- _Task prompt_: For the entries below, copy exactly the line that contains "line L1 (-52, -120) -> (-52, 0)" through the line that contains "normal blind 53.0629", both ends included, and exclude all pictures.

(Saved entries)
-- -- --

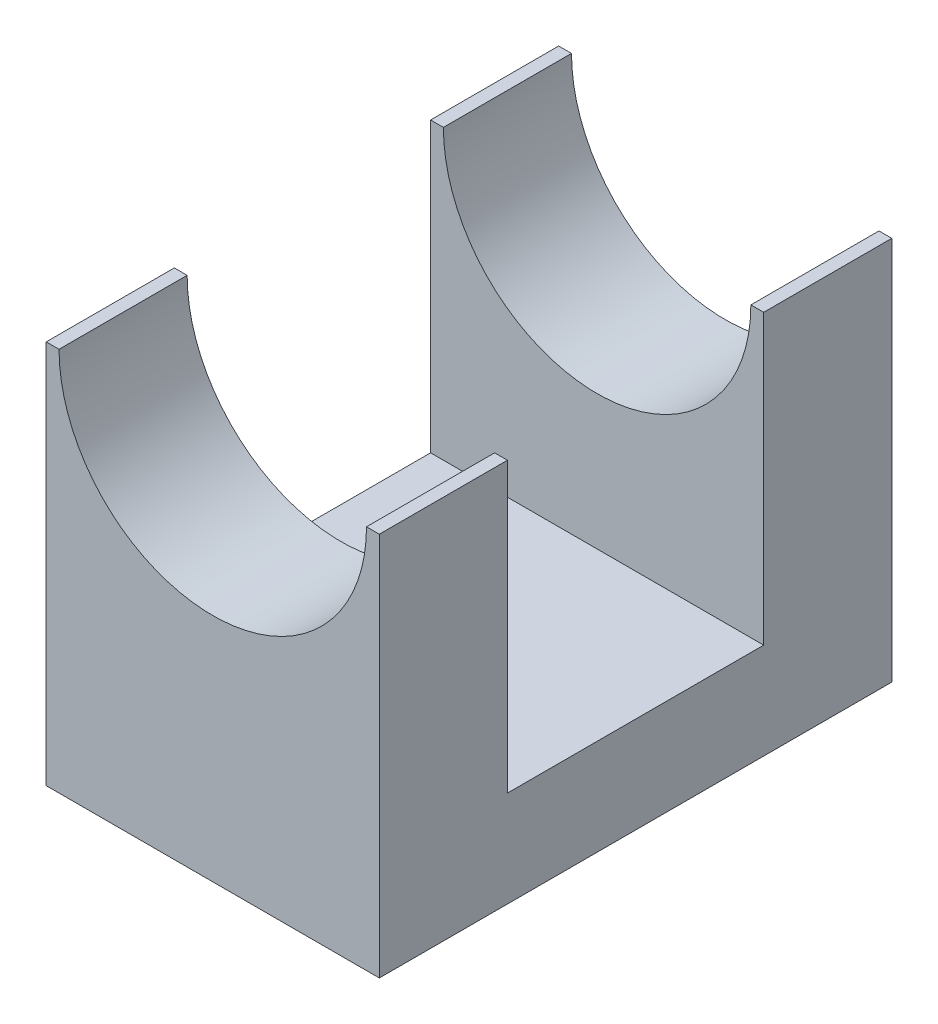
SolidWorks part; units mm, degrees
ref_plane "Front Plane" through (0, 0, 0) normal (0, 0, 1) x (1, 0, 0)
ref_plane "Top Plane" through (0, 0, 0) normal (0, 1, 0) x (1, 0, 0)
ref_plane "Right Plane" through (0, 0, 0) normal (1, 0, 0) x (0, 0, -1)
sketch "Sketch1" plane through (0, 0, 0) normal (0, 0, 1) x (1, 0, 0)
  line L0 (-52, 0) -> (-52, -120)
  line L1 (-52, -120) -> (52, -120)
  line L2 (52, -120) -> (52, 0)
  line L3 (-52, 0) -> (-48, 0)
  line L4 (48, 0) -> (52, 0)
  arc A1 (-48, 0) -> (48, 0) centre (0, 0) ccw
  point P4 (0, 0)
  point P9 (0, 0)
  dimension "D1" = 120
  dimension "D3" = 48
  dimension "D2" = 96
extrude "Boss-Extrude1" add sketch "Sketch1" along normal blind 40
sketch "Sketch2" plane through (0, 0, 0) normal (0, 0, -1) x (-1, 0, 0)
  line L0 (-52, -120) -> (-52, -90)
  line L1 (-52, -120) -> (-52, 0) construction
  line L2 (-52, -90) -> (52, -90)
  line L3 (52, 0) -> (52, -120) construction
  line L4 (52, -90) -> (52, -120)
  line L5 (52, -120) -> (-52, -120)
  dimension "D1" = 30
extrude "Boss-Extrude2" add sketch "Sketch2" along normal blind 80
extrude "Boss-Extrude3" add sketch "Sketch1<2>" against normal blind 40 from surface starting at face at (0, -105, -80)
sketch "Sketch1<2>" plane through (0, 0, 0) normal (0, 0, 1) x (1, 0, 0) same geometry as "Sketch1"
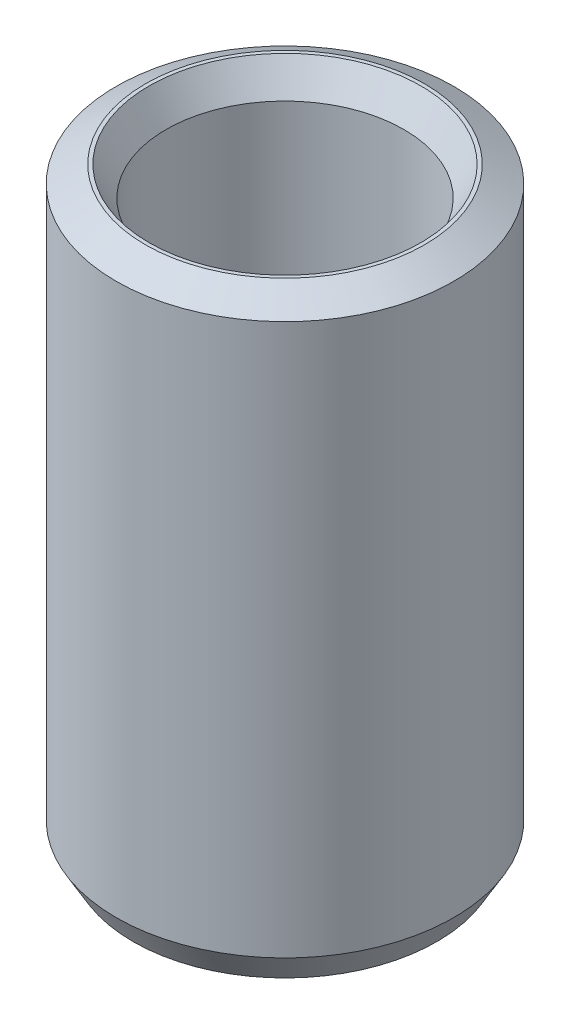
SolidWorks part; units mm, degrees
ref_plane "Front Plane" through (0, 0, 0) normal (0, 0, 1) x (1, 0, 0)
ref_plane "Top Plane" through (0, 0, 0) normal (0, 1, 0) x (1, 0, 0)
ref_plane "Right Plane" through (0, 0, 0) normal (1, 0, 0) x (0, 0, -1)
sketch "Sketch1" plane through (0, 0, 0) normal (0, 1, 0) x (1, 0, 0)
  circle A0 centre (0, 0) radius 15
  dimension "SLEEVE_OD" = 30
extrude "Boss-Extrude1" add sketch "Sketch1" along normal blind 53.0629
sketch "Sketch2" plane through (0, 0, 0) normal (0, 1, 0) x (1, 0, 0)
  circle A0 centre (0, 0) radius 10.5672
  dimension "BORE_D" = 21.1343
extrude "Cut-Extrude1" cut sketch "Sketch2" along normal through all
chamfer "Chamfer1" distance 1.5037 angle 60 4 edges at (0, 53.0629, 10.5672) (0, 0, 10.5672) (0, 0, 15) (0, 53.0629, 15) first distance on face at (0, 53.0629, 10.5672) first distance on face at (0, 0, 10.5672) first distance on face at (0, 53.0629, 15)

-- -- --

- _Output_:
  line L1 (-52, -120) -> (-52, 0) construction
  line L2 (-52, -90) -> (52, -90)
  line L3 (52, 0) -> (52, -120) construction
  line L4 (52, -90) -> (52, -120)
  line L5 (52, -120) -> (-52, -120)
  dimension "D1" = 30
extrude "Boss-Extrude2" add sketch "Sketch2" along normal blind 80
extrude "Boss-Extrude3" add sketch "Sketch1<2>" against normal blind 40 from surface starting at face at (0, -105, -80)
sketch "Sketch1<2>" plane through (0, 0, 0) normal (0, 0, 1) x (1, 0, 0) same geometry as "Sketch1"
SolidWorks part; units mm, degrees
ref_plane "Front Plane" through (0, 0, 0) normal (0, 0, 1) x (1, 0, 0)
ref_plane "Top Plane" through (0, 0, 0) normal (0, 1, 0) x (1, 0, 0)
ref_plane "Right Plane" through (0, 0, 0) normal (1, 0, 0) x (0, 0, -1)
sketch "Sketch1" plane through (0, 0, 0) normal (0, 1, 0) x (1, 0, 0)
  circle A0 centre (0, 0) radius 15
  dimension "SLEEVE_OD" = 30
extrude "Boss-Extrude1" add sketch "Sketch1" along normal blind 53.0629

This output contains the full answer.